Goldsmiths - University of London

Joanna Redden

The Mediation of Poverty: The News, New Media and Politics

My research project is a reaction to the high levels of poverty and income inequality in Canada and the United Kingdom. I argue that how poverty is defined plays a large role in what people choose to do or not do about the issue.

My project focuses on how news coverage of poverty, both news content and the processes involved in the generation of news, influence poverty politics in Canada and the United Kingdom. I look specifically at poverty issue dynamics through a focus on children as contemporary constructions of a “deserving poor” and immigrants as constructions of an “undeserving poor”. Through my cross-national comparison I draw some generalizing conclusions about the influence of neoliberalism and the increasing use of digital technologies on poverty coverage and on the working practices within mediated political centres in both countries. 

A frame analysis of mainstream news content shows the extent to which individualizing and rationalizing frames dominate poverty and immigration coverage. I suggest that these frames reinforce and further embed the dominance of market-based thinking and approaches to poverty and immigration. Interviews with politicians, activists, researchers and journalists demonstrate how speeded-up working practices have become as a result of new media use, and how difficult it is to challenge dominant media coverage.
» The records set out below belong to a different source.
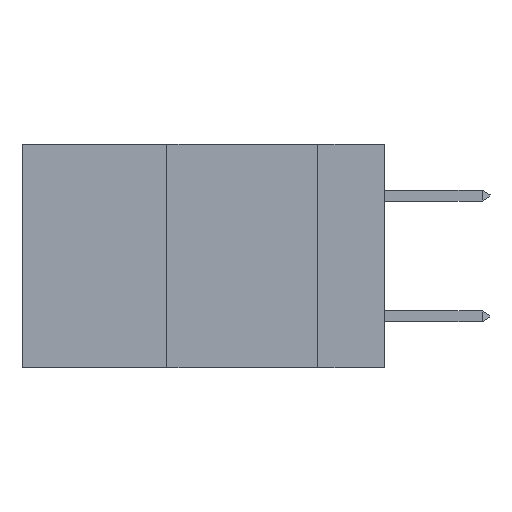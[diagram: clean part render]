
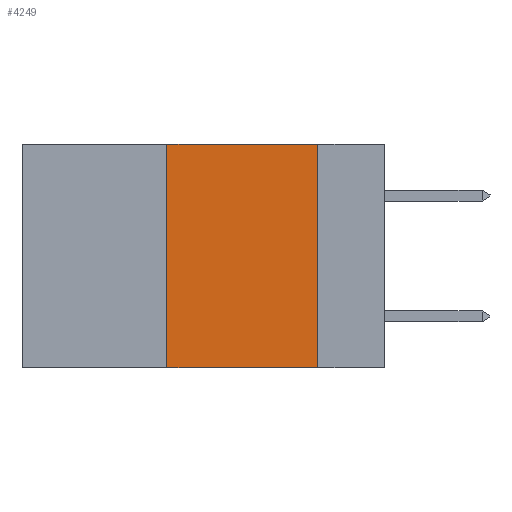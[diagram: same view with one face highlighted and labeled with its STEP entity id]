
A CAD part, left-side view. The second image highlights one B-rep face of the part: STEP entity #4249.
In plain terms, the highlighted planar face has unit normal (-1, 0, 0).
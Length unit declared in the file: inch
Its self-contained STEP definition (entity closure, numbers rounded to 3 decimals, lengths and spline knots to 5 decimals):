
#10 = EDGE_CURVE ( 'NONE', #10984, #11154, #11218, .T. ) ;
#42 = CARTESIAN_POINT ( 'NONE',  ( 0., 0.6, 0. ) ) ;
#621 = CARTESIAN_POINT ( 'NONE',  ( 0., 0.6, -0.37 ) ) ;
#672 = DIRECTION ( 'NONE',  ( 0., 0., -1. ) ) ;
#910 = CARTESIAN_POINT ( 'NONE',  ( 0., 0.11, 0. ) ) ;
#1032 = DIRECTION ( 'NONE',  ( 1., 0., 0. ) ) ;
#2049 = CARTESIAN_POINT ( 'NONE',  ( 0., 0.11, -0.37 ) ) ;
#2259 = FACE_OUTER_BOUND ( 'NONE', #6608, .T. ) ;
#3320 = DIRECTION ( 'NONE',  ( 0., -1., 0. ) ) ;
#4034 = LINE ( 'NONE', #8209, #6190 ) ;
#4249 = ADVANCED_FACE ( 'NONE', ( #2259 ), #11717, .F. ) ;
#4306 = LINE ( 'NONE', #621, #6466 ) ;
#4379 = ORIENTED_EDGE ( 'NONE', *, *, #10, .F. ) ;
#4506 = CARTESIAN_POINT ( 'NONE',  ( 0., 0.11, 0. ) ) ;
#4772 = ORIENTED_EDGE ( 'NONE', *, *, #9952, .F. ) ;
#5423 = VERTEX_POINT ( 'NONE', #2049 ) ;
#5690 = ORIENTED_EDGE ( 'NONE', *, *, #9898, .T. ) ;
#6190 = VECTOR ( 'NONE', #9142, 39.37008 ) ;
#6466 = VECTOR ( 'NONE', #8155, 39.37008 ) ;
#6608 = EDGE_LOOP ( 'NONE', ( #4772, #4379, #10922, #5690 ) ) ;
#6748 = LINE ( 'NONE', #4506, #8334 ) ;
#7494 = CARTESIAN_POINT ( 'NONE',  ( 0., 0.36, -0.37 ) ) ;
#7549 = DIRECTION ( 'NONE',  ( 0., 0., -1. ) ) ;
#8155 = DIRECTION ( 'NONE',  ( 0., -1., 0. ) ) ;
#8209 = CARTESIAN_POINT ( 'NONE',  ( 0., 0.36, 0. ) ) ;
#8334 = VECTOR ( 'NONE', #672, 39.37008 ) ;
#8418 = VERTEX_POINT ( 'NONE', #7494 ) ;
#8474 = CARTESIAN_POINT ( 'NONE',  ( 0., 0.6, 0. ) ) ;
#8985 = CARTESIAN_POINT ( 'NONE',  ( 0., 0.36, 0. ) ) ;
#9008 = AXIS2_PLACEMENT_3D ( 'NONE', #8474, #1032, #7549 ) ;
#9119 = VECTOR ( 'NONE', #3320, 39.37008 ) ;
#9142 = DIRECTION ( 'NONE',  ( 0., 0., 1. ) ) ;
#9898 = EDGE_CURVE ( 'NONE', #8418, #5423, #4306, .T. ) ;
#9932 = EDGE_CURVE ( 'NONE', #8418, #10984, #4034, .T. ) ;
#9952 = EDGE_CURVE ( 'NONE', #11154, #5423, #6748, .T. ) ;
#10922 = ORIENTED_EDGE ( 'NONE', *, *, #9932, .F. ) ;
#10984 = VERTEX_POINT ( 'NONE', #8985 ) ;
#11154 = VERTEX_POINT ( 'NONE', #910 ) ;
#11218 = LINE ( 'NONE', #42, #9119 ) ;
#11717 = PLANE ( 'NONE',  #9008 ) ;

The speed of contemporary news environments means that the influence of news norms and values takes on ever greater significance and limits how poverty is covered. New media tools provide new opportunities to share information and build contacts, but they also present new demands on time and attention. I question and challenge the notion that access leads to influence. I conclude that changing contemporary representations and approaches to poverty will require direct confrontation and challenge of market-based thinking, mobilizations and some very specific institutional changes at media and political levels.

 

Publications 

Redden, J. (2011) ‘Poverty in the News: A Framing Analysis of Coverage in Canada and the United Kingdom’, Information, Communication & Society 14 (6): 820-849.

Redden, J. and Witschge, T. (2010) ‘A New News Order? Online News Content Examined’. In N. Fenton (ed.) New Media, Old News: Journalism and Democracy in a Digital Age. London: Sage.